(Stored data)
════════════════════

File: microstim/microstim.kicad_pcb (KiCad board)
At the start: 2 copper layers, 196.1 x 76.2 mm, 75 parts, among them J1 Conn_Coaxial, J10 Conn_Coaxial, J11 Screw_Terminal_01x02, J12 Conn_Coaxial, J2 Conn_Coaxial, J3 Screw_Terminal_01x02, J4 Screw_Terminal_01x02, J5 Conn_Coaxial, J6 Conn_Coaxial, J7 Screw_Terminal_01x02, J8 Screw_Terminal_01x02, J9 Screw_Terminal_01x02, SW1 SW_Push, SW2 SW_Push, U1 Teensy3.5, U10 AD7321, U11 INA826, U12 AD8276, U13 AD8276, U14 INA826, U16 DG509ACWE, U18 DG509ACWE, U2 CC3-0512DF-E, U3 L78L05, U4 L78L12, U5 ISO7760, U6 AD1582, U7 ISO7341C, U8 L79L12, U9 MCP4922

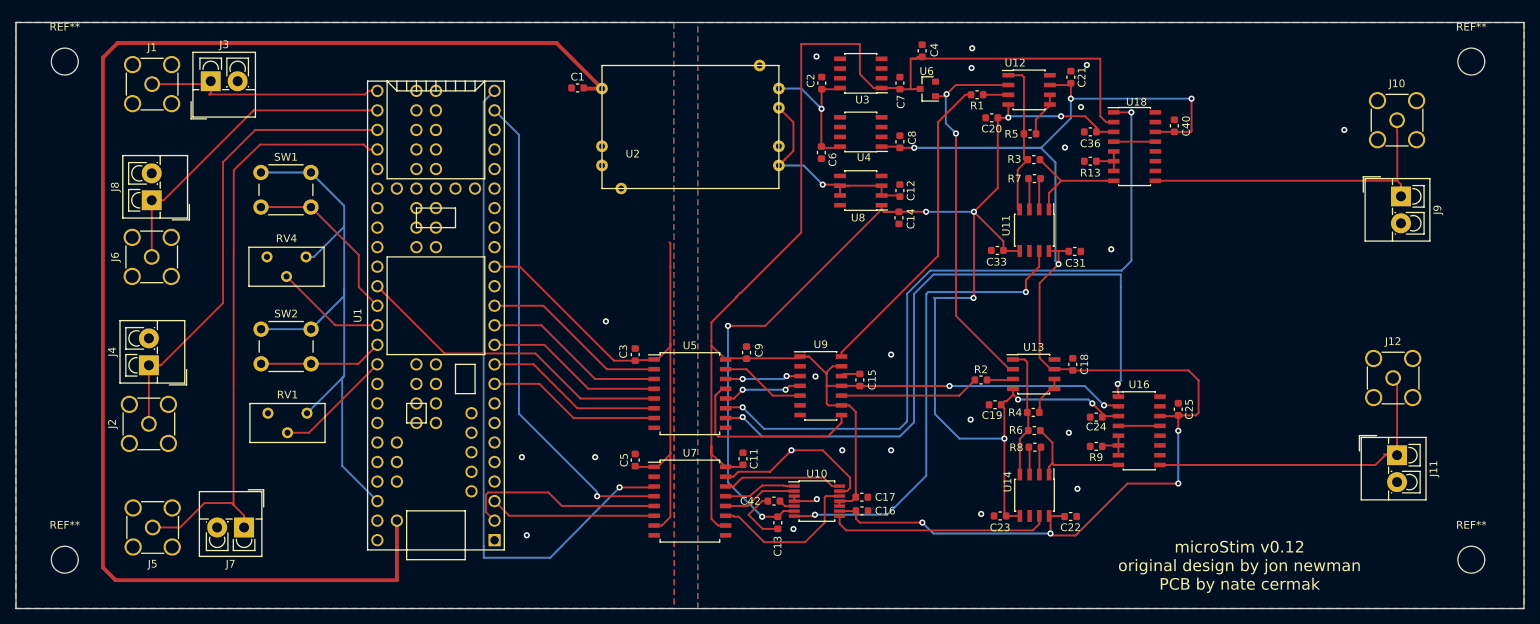
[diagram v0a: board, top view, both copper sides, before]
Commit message: bunch of small fixes to board. havent yet regenerated gerbers. also added beginnings of teensy controller code.
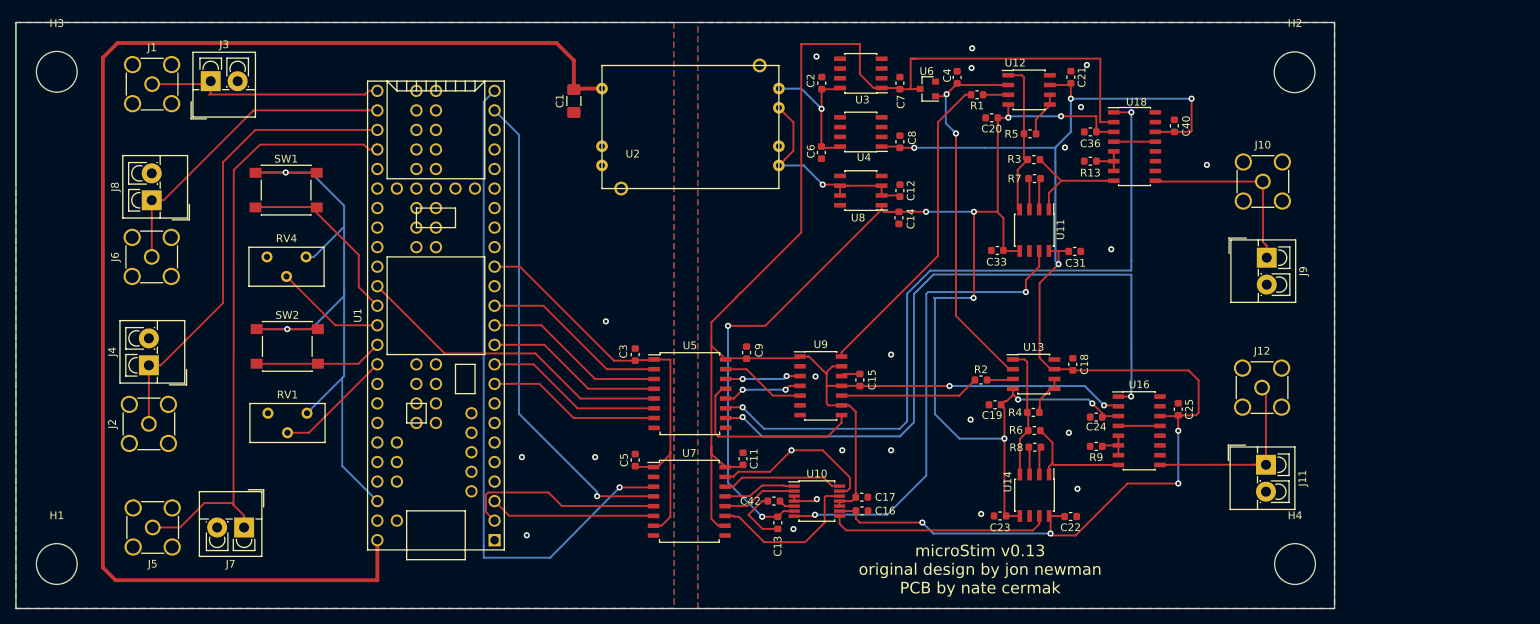
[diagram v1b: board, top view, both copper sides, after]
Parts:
- removed REF** (x4): MountingHole_3.5mm, MountingHole:MountingHole_3.5mm
- added H1: MountingHole, MountingHole:MountingHole_5.3mm_M5, F.Cu at (65.0, 92.0)
- added H2: MountingHole, MountingHole:MountingHole_5.3mm_M5, F.Cu at (226.0, 28.0)
- added H3: MountingHole, MountingHole:MountingHole_5.3mm_M5, F.Cu at (65.0, 28.0)
- added H4: MountingHole, MountingHole:MountingHole_5.3mm_M5, F.Cu at (226.0, 92.0)
- C1: footprint Capacitor_SMD:C_0603_1608Metric -> Capacitor_SMD:C_1206_3216Metric_Pad1.42x1.75mm_HandSolder
- SW1, SW2: footprint Button_Switch_THT:SW_PUSH_6mm -> Button_Switch_SMD:SW_SPST_PTS645
- U3: value L78L05 -> L78L05_SO8
- U4: value L78L12 -> L78L12_SO8
- U8: value L79L12 -> L79L12_SO8
- moved J10 19.2 mm to (221.8, 42.3)
- moved J9 19.2 mm to (222.3, 52.2)
- moved J11 17.1 mm to (222.2, 79.1)
- moved J12 17.1 mm to (221.7, 69.1)
- moved C4 5.72 mm to (182.1, 28.7)
- moved SW2 4.07 mm to (95.0, 63.7)
- moved SW1 4.00 mm to (94.8, 43.4)
- moved C1 1.77 mm to (132.2, 31.8), turned to 90 degrees
- moved U7 0.08 mm to (147.2, 83.8)
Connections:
- C4 pad 2: +5V -> 2.5V
- U1 pad 53: Net-(U1-Pad53) -> VUSB
- U1 pad 54: VUSB -> Net-(U1-Pad54)
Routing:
- net IOUT1: track 43.0 -> 25.6 mm
- net IOUT0: track 41.6 -> 24.1 mm
- net +12V: track 203.3 -> 187.1 mm
- net VUSB: track 183.5 -> 178.3 mm
- net OE1i: track 87.1 -> 89.8 mm
- net -12V: track 189.1 -> 190.5 mm
- net OE0i: track 94.4 -> 95.1 mm
- net +3V3: track 152.9 -> 152.5 mm, vias 0 -> 2
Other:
- board size 196.1 x 76.2 mm -> 171.4 x 76.2 mm
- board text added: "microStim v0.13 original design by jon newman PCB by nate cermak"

════════════════════

Give the preceding data back exactly, minus every picture.

File: microstim/microstim.kicad_pcb (KiCad board)
At the start: 2 copper layers, 196.1 x 76.2 mm, 75 parts, among them J1 Conn_Coaxial, J10 Conn_Coaxial, J11 Screw_Terminal_01x02, J12 Conn_Coaxial, J2 Conn_Coaxial, J3 Screw_Terminal_01x02, J4 Screw_Terminal_01x02, J5 Conn_Coaxial, J6 Conn_Coaxial, J7 Screw_Terminal_01x02, J8 Screw_Terminal_01x02, J9 Screw_Terminal_01x02, SW1 SW_Push, SW2 SW_Push, U1 Teensy3.5, U10 AD7321, U11 INA826, U12 AD8276, U13 AD8276, U14 INA826, U16 DG509ACWE, U18 DG509ACWE, U2 CC3-0512DF-E, U3 L78L05, U4 L78L12, U5 ISO7760, U6 AD1582, U7 ISO7341C, U8 L79L12, U9 MCP4922

[diagram v0a: board, top view, both copper sides, before]
Commit message: bunch of small fixes to board. havent yet regenerated gerbers. also added beginnings of teensy controller code.
[diagram v1b: board, top view, both copper sides, after]
Parts:
- removed REF** (x4): MountingHole_3.5mm, MountingHole:MountingHole_3.5mm
- added H1: MountingHole, MountingHole:MountingHole_5.3mm_M5, F.Cu at (65.0, 92.0)
- added H2: MountingHole, MountingHole:MountingHole_5.3mm_M5, F.Cu at (226.0, 28.0)
- added H3: MountingHole, MountingHole:MountingHole_5.3mm_M5, F.Cu at (65.0, 28.0)
- added H4: MountingHole, MountingHole:MountingHole_5.3mm_M5, F.Cu at (226.0, 92.0)
- C1: footprint Capacitor_SMD:C_0603_1608Metric -> Capacitor_SMD:C_1206_3216Metric_Pad1.42x1.75mm_HandSolder
- SW1, SW2: footprint Button_Switch_THT:SW_PUSH_6mm -> Button_Switch_SMD:SW_SPST_PTS645
- U3: value L78L05 -> L78L05_SO8
- U4: value L78L12 -> L78L12_SO8
- U8: value L79L12 -> L79L12_SO8
- moved J10 19.2 mm to (221.8, 42.3)
- moved J9 19.2 mm to (222.3, 52.2)
- moved J11 17.1 mm to (222.2, 79.1)
- moved J12 17.1 mm to (221.7, 69.1)
- moved C4 5.72 mm to (182.1, 28.7)
- moved SW2 4.07 mm to (95.0, 63.7)
- moved SW1 4.00 mm to (94.8, 43.4)
- moved C1 1.77 mm to (132.2, 31.8), turned to 90 degrees
- moved U7 0.08 mm to (147.2, 83.8)
Connections:
- C4 pad 2: +5V -> 2.5V
- U1 pad 53: Net-(U1-Pad53) -> VUSB
- U1 pad 54: VUSB -> Net-(U1-Pad54)
Routing:
- net IOUT1: track 43.0 -> 25.6 mm
- net IOUT0: track 41.6 -> 24.1 mm
- net +12V: track 203.3 -> 187.1 mm
- net VUSB: track 183.5 -> 178.3 mm
- net OE1i: track 87.1 -> 89.8 mm
- net -12V: track 189.1 -> 190.5 mm
- net OE0i: track 94.4 -> 95.1 mm
- net +3V3: track 152.9 -> 152.5 mm, vias 0 -> 2
Other:
- board size 196.1 x 76.2 mm -> 171.4 x 76.2 mm
- board text added: "microStim v0.13 original design by jon newman PCB by nate cermak"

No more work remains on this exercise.